與游離酶相比，固定化脂肪酶催化大豆油脫臭餾出物中脂肪酸酯化效率更高，固定化酶可重復利用，更加綠色經濟。有研究采用固定化Novozym435脂肪酶催化大豆油脫臭餾出物脂肪酸甲酯化，作為提取VE的預處理，取得了良好的酯化效果[8-11]。但目前國內外開展的酶法酯化預處理提取VE的研究，基本采用通用的固定化脂肪酶，針對催化大豆油脫臭餾出物酯化的脂肪酶固定化，研究報道甚少。已報道的為減少甾醇酯化并提高脂肪酸甲酯化，需在反應體系加少量水[12,13]。而脂肪酶具有酯化與水解雙重催化性能，因而，針對大豆油脫臭餾出物酯化預處理的脂肪酶固定化，需提高酶的酯化活力而降低其水解活力。

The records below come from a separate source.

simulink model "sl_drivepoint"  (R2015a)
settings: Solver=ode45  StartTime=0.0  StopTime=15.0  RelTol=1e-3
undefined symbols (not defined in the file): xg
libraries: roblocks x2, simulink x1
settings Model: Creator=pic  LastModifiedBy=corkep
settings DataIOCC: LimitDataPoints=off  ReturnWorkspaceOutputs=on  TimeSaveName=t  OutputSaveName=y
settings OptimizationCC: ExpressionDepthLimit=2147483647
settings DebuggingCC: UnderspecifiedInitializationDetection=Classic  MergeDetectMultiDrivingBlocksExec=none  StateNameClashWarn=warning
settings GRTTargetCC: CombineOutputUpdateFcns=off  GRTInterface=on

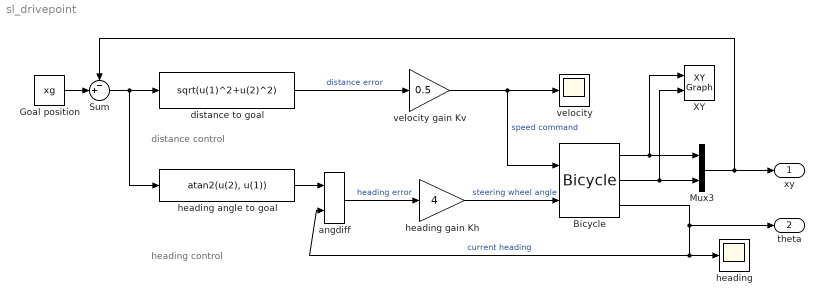
== system sl_drivepoint ==
  note: distance control
  note: heading control
  Bicycle : roblocks/Vehicles/Bicycle  vlim=1  accel=1  alim=1  steer_rate=Inf  L=1  x0=x0
  Goal position : Constant  Value=xg
  Mux3 : Mux  Inputs=2
  Sum : Sum  Inputs=-+|
  XY : simulink/Sinks/XY Graph  xmin=0  xmax=10  ymin=0  ymax=10  st=-1
  angdiff : roblocks/Toolbox/angdiff
  distance to goal : Fcn  Expr=sqrt(u(1)^2+u(2)^2)
  heading : Scope
      settings: TimeRange=auto  LimitDataPoints=on  MaxDataPoints=5000  SaveToWorkspace=off  SaveName=ScopeData  YMin=-10  YMax=10  SampleTime=-1
  heading angle to goal : Fcn  Expr=atan2(u(2), u(1))
  heading gain Kh : Gain  Gain=4
  velocity : Scope
      settings: TimeRange=auto  LimitDataPoints=on  MaxDataPoints=5000  SaveToWorkspace=off  YMin=-0.43387  YMax=3.97658  SampleTime=-1
  velocity gain Kv : Gain  Gain=0.5
  xy : Outport
  "theta " : Outport  Port=2
  wires:
  Bicycle/1 -> Mux3/1, XY/1
  Bicycle/2 -> Mux3/2, XY/2
  Mux3/1 -> Sum/1, xy/1
  Sum/1 -> distance to goal/1, heading angle to goal/1
  distance to goal/1 -> velocity gain Kv/1  "distance error"
  heading angle to goal/1 -> angdiff/1
  Bicycle/3 -> heading/1, angdiff/2, "theta "/1  "current heading"
  angdiff/1 -> heading gain Kh/1  "heading error"
  velocity gain Kv/1 -> Bicycle/1, velocity/1  "speed command"
  Goal position/1 -> Sum/2
  heading gain Kh/1 -> Bicycle/2  "steering wheel angle"

凝膠包埋固定化酶方法和樹脂吸附固定化酶方法均提高了酶的穩(wěn)定性與耐受性[14-17]。與包埋法比較，樹脂吸附的固定化酶酶穩(wěn)定性更好[18]。而固定化載體的吸附作用影響酶蛋白空間結構，一定程度改變其催化性能[19]。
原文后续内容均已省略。